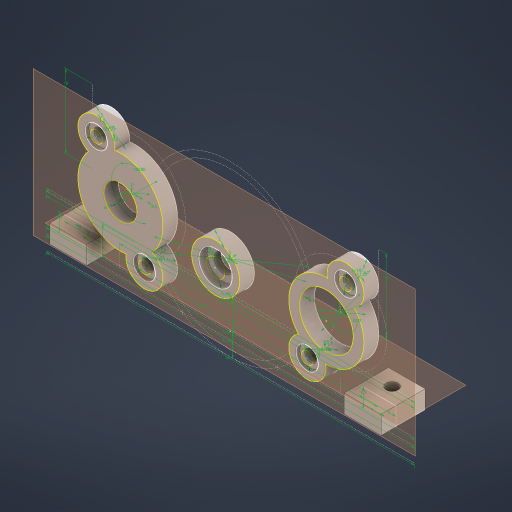
# Autodesk Inventor part: Motormount
Saved by Autodesk Inventor 2023.4 (Build 274418000, 418)
## iProperties
Created: 2024-12-07
Part Number: Motormount
Material: 一般
Document SubType Name: Modeling
Designer: IshiiLabHonda
Density: 1 g/cm^3
Appearance: 既定
Author: IshiiLabHonda
Autodesk Inventor part; units mm, degrees
ref_plane "YZ Plane" through (0, 0, 0) normal (1, 0, 0) x (0, 1, 0)
ref_plane "XZ Plane" through (0, 0, 0) normal (0, 1, 0) x (-1, 0, 0)
ref_plane "XY Plane" through (0, 0, 0) normal (0, 0, 1) x (1, 0, 0)
sketch "blueprint" plane through (0, 0, 0) normal (0, 0, 1) x (1, 0, 0)
  line L0 (0, 0) -> (0, 1) construction
  line L1 (0, 0) -> (1, 0) construction
  circle A0 centre (0, 0) radius 1.25
  circle A1 centre (0, 0) radius 11.5 construction
  line L2 (-25, -11.5) -> (25, -11.5) construction
  line L3 (-25, -9.5) -> (25, -9.5) construction
  line L4 (-25, -8.5) -> (25, -8.5) construction
  line L5 (-25, -4.5) -> (25, -4.5) construction
  circle A2 centre (0, 0) radius 10.65 construction
  circle A3 centre (-12.9388, 1.26) radius 2.25
  circle A4 centre (15.0473, 1.26) radius 4.35 construction
  circle A5 centre (15.0473, 1.26) radius 3.6 construction
  line L6 (-25, -4.1) -> (25, -4.1) construction
  circle A6 centre (-12.9388, 1.26) radius 4.26 construction
  circle A7 centre (-12.9388, 1.26) radius 5.76
  circle A8 centre (-16.1988, 7.3243) radius 0.625 construction
  circle A9 centre (-9.6788, -4.8043) radius 0.625 construction
  circle A10 centre (-12.9388, 1.26) radius 6.885 construction
  circle A11 centre (-16.1988, 7.3243) radius 1.825 construction
  circle A12 centre (-9.6788, -4.8043) radius 1.825 construction
  circle A13 centre (15.0473, 1.26) radius 5.1
  circle A14 centre (15.0473, 1.26) radius 6.225 construction
  circle A15 centre (17.6473, 6.916) radius 0.625 construction
  circle A16 centre (12.4473, -4.396) radius 0.625 construction
  circle A17 centre (17.6473, 6.916) radius 1.825 construction
  circle A18 centre (-16.1988, 7.3243) radius 0.8
  circle A19 centre (-9.6788, -4.8043) radius 0.8
  circle A20 centre (12.4473, -4.396) radius 0.8
  circle A21 centre (17.6473, 6.916) radius 0.8
  circle A22 centre (-16.1988, 7.3243) radius 2.5
  circle A23 centre (-9.6788, -4.8043) radius 2.5
  circle A24 centre (17.6473, 6.916) radius 2.5
  circle A25 centre (12.4473, -4.396) radius 2.5
  circle A26 centre (15.0473, 1.26) radius 3.65
  circle A27 centre (0, 0) radius 3.25
  line L7 (-12.9388, 1.26) -> (-12.9388, 2.26) construction
  line L8 (-12.9388, 1.26) -> (-11.9388, 1.26) construction
  line L9 (15.0473, 1.26) -> (15.0473, 2.26) construction
  line L10 (15.0473, 1.26) -> (16.0473, 1.26) construction
  line L11 (-15, -4.5) -> (-15, -8.5) construction
  line L12 (15, -4.5) -> (15, -8.5) construction
  line L13 (-12.9388, 1.26) -> (15.0473, 1.26) construction
  line L14 (-17.5, -8.5) -> (-17.5, -6)
  line L15 (-22.5, -8.5) -> (-22.5, -6)
  line L16 (-22.5, -6) -> (-17.5, -6)
  line L17 (-20, -6) -> (-20, -8.5)
  line L18 (-21, -6) -> (-21, -8.5)
  line L19 (-19, -6) -> (-19, -8.5)
  line L20 (17.5, -8.5) -> (17.5, -6)
  line L21 (22.5, -8.5) -> (22.5, -6)
  line L22 (22.5, -6) -> (17.5, -6)
  line L23 (20, -6) -> (20, -8.5)
  line L24 (21, -6) -> (21, -8.5)
  line L25 (19, -6) -> (19, -8.5)
  line L26 (-22.5, -8.5) -> (-17.5, -8.5)
  line L27 (17.5, -8.5) -> (22.5, -8.5)
  circle A28 centre (12.4473, -4.396) radius 1.825 construction
  line L28 (-12.9388, 1.26) -> (-16.1988, 7.3243) construction
  line L29 (-12.9388, 1.26) -> (-9.6788, -4.8043) construction
  line L30 (15.0473, 1.26) -> (12.4473, -4.396) construction
  line L31 (-18.6988, 11.26) -> (-18.6988, 1.26) construction
  line L32 (20.1473, 11.26) -> (20.1473, 1.26) construction
  line L33 (17.6473, 6.916) -> (15.0473, 1.26) construction
  point P0 (-8.6127, -2.543)
  point P1 (18.8099, 4.7028)
  point P2 (11.2847, -2.1828)
  point P3 (15.2106, 6.3574)
  point P4 (-12.153, -4.4461)
  point P5 (-13.7246, 6.9661)
  point P6 (14.8841, -3.8374)
  point P7 (-17.2649, 5.063)
  point P8 (0, -8.5)
  point P9 (-6.4807, -9.5)
  point P10 (6.4807, -9.5)
  dimension "d86" = 4
  dimension "d0" = 1
  dimension "d1" = 1
  dimension "d2" = 2.5
  dimension "d3" = 23
  dimension "d4" = 50
  dimension "d5" = 50
  dimension "d6" = 2
  dimension "d7" = 50
  dimension "d9" = 1
  dimension "d10" = 50
  dimension "d12" = 4
  dimension "d13" = 21.3
  dimension "d14" = 4.5
  dimension "d15" = 8.7
  dimension "d17" = 0.1
  dimension "d18" = 0.1
  dimension "d20" = 7.2
  dimension "d21" = 50
  dimension "d22" = 0.4
  dimension "d23" = 8.52
  dimension "d25" = 1.5
  dimension "d26" = 1.25
  dimension "d27" = 1.25
  dimension "d28" = 1.2
  dimension "d29" = 1.2
  dimension "d31" = 1.5
  dimension "d32" = 1.25
  dimension "d33" = 1.25
  dimension "d34" = 1.2
  dimension "d37" = 0.5
  dimension "d39" = 0.5
  dimension "d40" = 1.6
  dimension "d41" = 1.6
  dimension "d42" = 1.6
  dimension "d43" = 1.6
  dimension "d48" = 7.3
  dimension "d49" = 2
  dimension "d50" = 1
  dimension "d51" = 1
  dimension "d52" = 1
  dimension "d53" = 1
  dimension "d56" = 30
  dimension "d90" = 2.5
  dimension "d92" = 5
  dimension "d93" = 2
  dimension "d104" = 1.2
  dimension "d105" = 5
  dimension "d106" = 2
  dimension "d107" = 2.5
  dimension "d128" = 180
  dimension "d129" = 5
  dimension "d130" = 5
  dimension "d131" = 10
  dimension "d132" = 5
  dimension "d133" = 5
  dimension "d134" = 10
  dimension "d135" = 180
  dimension "d155" = 40
  constraints: 66 end point, 27 centre point, 25 coincident, 11 point on line, 11 vertical, 6 parallel, 6 point on circle, 5 symmetric about line, 4 perpendicular, 3 horizontal, 3 midpoint, 3 tangent, 1 collinear, 23 other
  measures "d0" distance of L0.start L0.end
  measures "d1" distance of L0.start L1.end
  measures "d2" diameter of A0
  measures "d3" diameter of A1
  measures "d4" distance of L2.start L2.end
  measures "d5" distance of L3.start L3.end
  measures "d6" distance between parallel lines of L2 L3
  measures "d7" distance of point (-25, -8.5) point (25, -8.5)
  measures "d10" distance of L5.start L5.end
  measures "d13" diameter of A2
  measures "d14" diameter of A3
  measures "d15" diameter of A4
  measures "d20" diameter of A5
  measures "d21" distance of L6.start L6.end
  measures "d22" distance between parallel lines of L5 L6
  measures "d23" diameter of A6
  measures "d26" diameter of A9
  measures "d27" diameter of A8
  measures "d28" radial gap between concentric circles of A11 A8
  measures "d29" radial gap between concentric circles of A12 A9
  measures "d32" diameter of A15
  measures "d33" diameter of A16
  measures "d34" radial gap between concentric circles of A15 A17
  measures "d40" diameter of A18
  measures "d41" diameter of A19
  measures "d42" diameter of A20
  measures "d43" diameter of A21
  measures "d48" diameter of A26
  measures "d49" radial gap between concentric circles of A27 A0
  measures "d50" distance of L7.start L8.end
  measures "d51" distance of L7.start L7.end
  measures "d52" distance of L9.start L9.end
  measures "d53" distance of L9.start L10.end
  measures "d56" distance between parallel lines of L12 L11
  measures "d90" distance of L15.start L15.end
  measures "d92" distance between parallel lines of L14 L15
  measures "d93" distance between parallel lines of L19 L18
  measures "d104" radial gap between concentric circles of A28 A16
  measures "d105" distance between parallel lines of L21 L20
  measures "d106" distance between parallel lines of L24 L25
  measures "d107" distance of L20.start L20.end
  measures "d128" angle of L29 L28
  measures "d129" diameter of A22
  measures "d130" diameter of A23
  measures "d131" distance of L31.start L31.end
  measures "d132" diameter of A24
  measures "d133" diameter of A25
  measures "d134" distance of L32.start L32.end
  measures "d135" angle of L33 L30
  measures "d155" distance between parallel lines of L23 L17
extrude "押し出し18" add sketch "blueprint" along normal blind 2
extrude "押し出し19" add sketch "blueprint" against normal blind 4 contours L26 L19 L16 L14 | L26 L17 L16 L19 | L26 L18 L16 L17 | L26 L15 L16 L18 | L20 L22 L25 L27 | L25 L22 L23 L27 | L23 L22 L24 L27 | L24 L22 L21 L27
ref_plane "作業平面1" through (-22.5, -6, 2) normal (0, 1, 0) x (1, 0, 0)
sketch "スケッチ2" plane through (-22.5, -6, 2) normal (0, 1, 0) x (1, 0, 0)
  line L0 (40, 6) -> (40, 0) projected
  line L1 (45, 0) -> (40, 0) projected
  line L2 (45, 6) -> (45, 0) projected
  line L3 (40, 6) -> (45, 6) projected
  line L4 (0, 6) -> (0, 0) projected
  line L5 (5, 0) -> (0, 0) projected
  line L6 (5, 0) -> (5, 6) projected
  line L7 (0, 6) -> (5, 6) projected
  line L8 (0, 2) -> (5, 2) projected
  line L9 (45, 2) -> (40, 2) projected
  line L10 (0, 6) -> (0, 0) projected
  line L11 (5, 2) -> (0, 6) construction
  line L12 (5, 6) -> (5, 0) projected
  line L13 (5, 6) -> (0, 2) construction
  line L14 (45, 0) -> (45, 6) projected
  line L15 (40, 2) -> (45, 6) construction
  line L16 (40, 6) -> (40, 0) projected
  line L17 (45, 2) -> (40, 6) construction
  circle A0 centre (2.5, 4) radius 0.8
  circle A1 centre (42.5, 4) radius 0.8
  point P0 (22.5, 2)
  dimension "d141" = 1.6
  dimension "d142" = 1.6
  constraints: 8 end point, 2 centre point, 2 midpoint
  measures "d141" diameter of A0
  measures "d142" diameter of A1
extrude "押し出し20" cut sketch "スケッチ2" against normal blind 4 contours A0 | A1
ref_plane "作業平面2" through (0, 0, 2) normal (0, 0, 1) x (1, 0, 0)
sketch "スケッチ3" plane through (0, 0, 2) normal (0, 0, 1) x (1, 0, 0)
  arc A0 (-17.2649, 5.063) -> (-12.153, -4.4461) centre (-12.9388, 1.26) ccw projected
  arc A1 (-12.153, -4.4461) -> (-8.6127, -2.543) centre (-9.6788, -4.8043) ccw projected
  arc A2 (-8.6127, -2.543) -> (-13.7246, 6.9661) centre (-12.9388, 1.26) ccw projected
  arc A3 (-13.7246, 6.9661) -> (-17.2649, 5.063) centre (-16.1988, 7.3243) ccw projected
  circle A4 centre (-9.6788, -4.8043) radius 0.8 projected
  circle A5 centre (-12.9388, 1.26) radius 2.25 projected
  circle A6 centre (-16.1988, 7.3243) radius 0.8 projected
  arc A7 (14.8841, -3.8374) -> (18.8099, 4.7028) centre (15.0473, 1.26) ccw projected
  arc A8 (18.8099, 4.7028) -> (15.2106, 6.3574) centre (17.6473, 6.916) ccw projected
  arc A9 (15.2106, 6.3574) -> (11.2847, -2.1828) centre (15.0473, 1.26) ccw projected
  arc A10 (11.2847, -2.1828) -> (14.8841, -3.8374) centre (12.4473, -4.396) ccw projected
  circle A11 centre (17.6473, 6.916) radius 0.8 projected
  circle A12 centre (15.0473, 1.26) radius 3.65 projected
  circle A13 centre (12.4473, -4.396) radius 0.8 projected
  circle A14 centre (0, 0) radius 3.25 projected
  circle A15 centre (0, 0) radius 1.25 projected
  circle A16 centre (-16.1988, 7.3243) radius 1.5
  circle A17 centre (-9.6788, -4.8043) radius 0.8 projected
  circle A18 centre (-9.6788, -4.8043) radius 1.5
  circle A19 centre (17.6473, 6.916) radius 0.8 projected
  circle A20 centre (17.6473, 6.916) radius 1.5
  circle A21 centre (12.4473, -4.396) radius 0.8 projected
  circle A22 centre (12.4473, -4.396) radius 1.5
  circle A23 centre (0, 0) radius 2.25
  dimension "d146" = 3
  dimension "d147" = 3
  dimension "d148" = 3
  dimension "d149" = 3
  dimension "d150" = 4.5
  constraints: 5 centre point, 5 coincident
  measures "d146" diameter of A16
  measures "d147" diameter of A18
  measures "d148" diameter of A20
  measures "d149" diameter of A22
  measures "d150" diameter of A23
extrude "押し出し21" cut sketch "スケッチ3" against normal blind 1.1 contours A23
extrude "押し出し22" cut sketch "スケッチ3" against normal blind 0.5 contours A16 | A18 | A20 | A22
equation "\"d5\" = d4"
equation "\"d7\" = d4"
equation "\"d10\" = d4"
++++
Assignment: What is needed is an exact copy of the lines from the start of the listing above through the line that holds "0) x (0, 1, 0)", with the pictures left out.

Problem solution:
# Autodesk Inventor part: Motormount
Saved by Autodesk Inventor 2023.4 (Build 274418000, 418)
## iProperties
Created: 2024-12-07
Part Number: Motormount
Material: 一般
Document SubType Name: Modeling
Designer: IshiiLabHonda
Density: 1 g/cm^3
Appearance: 既定
Author: IshiiLabHonda
Autodesk Inventor part; units mm, degrees
ref_plane "YZ Plane" through (0, 0, 0) normal (1, 0, 0) x (0, 1, 0)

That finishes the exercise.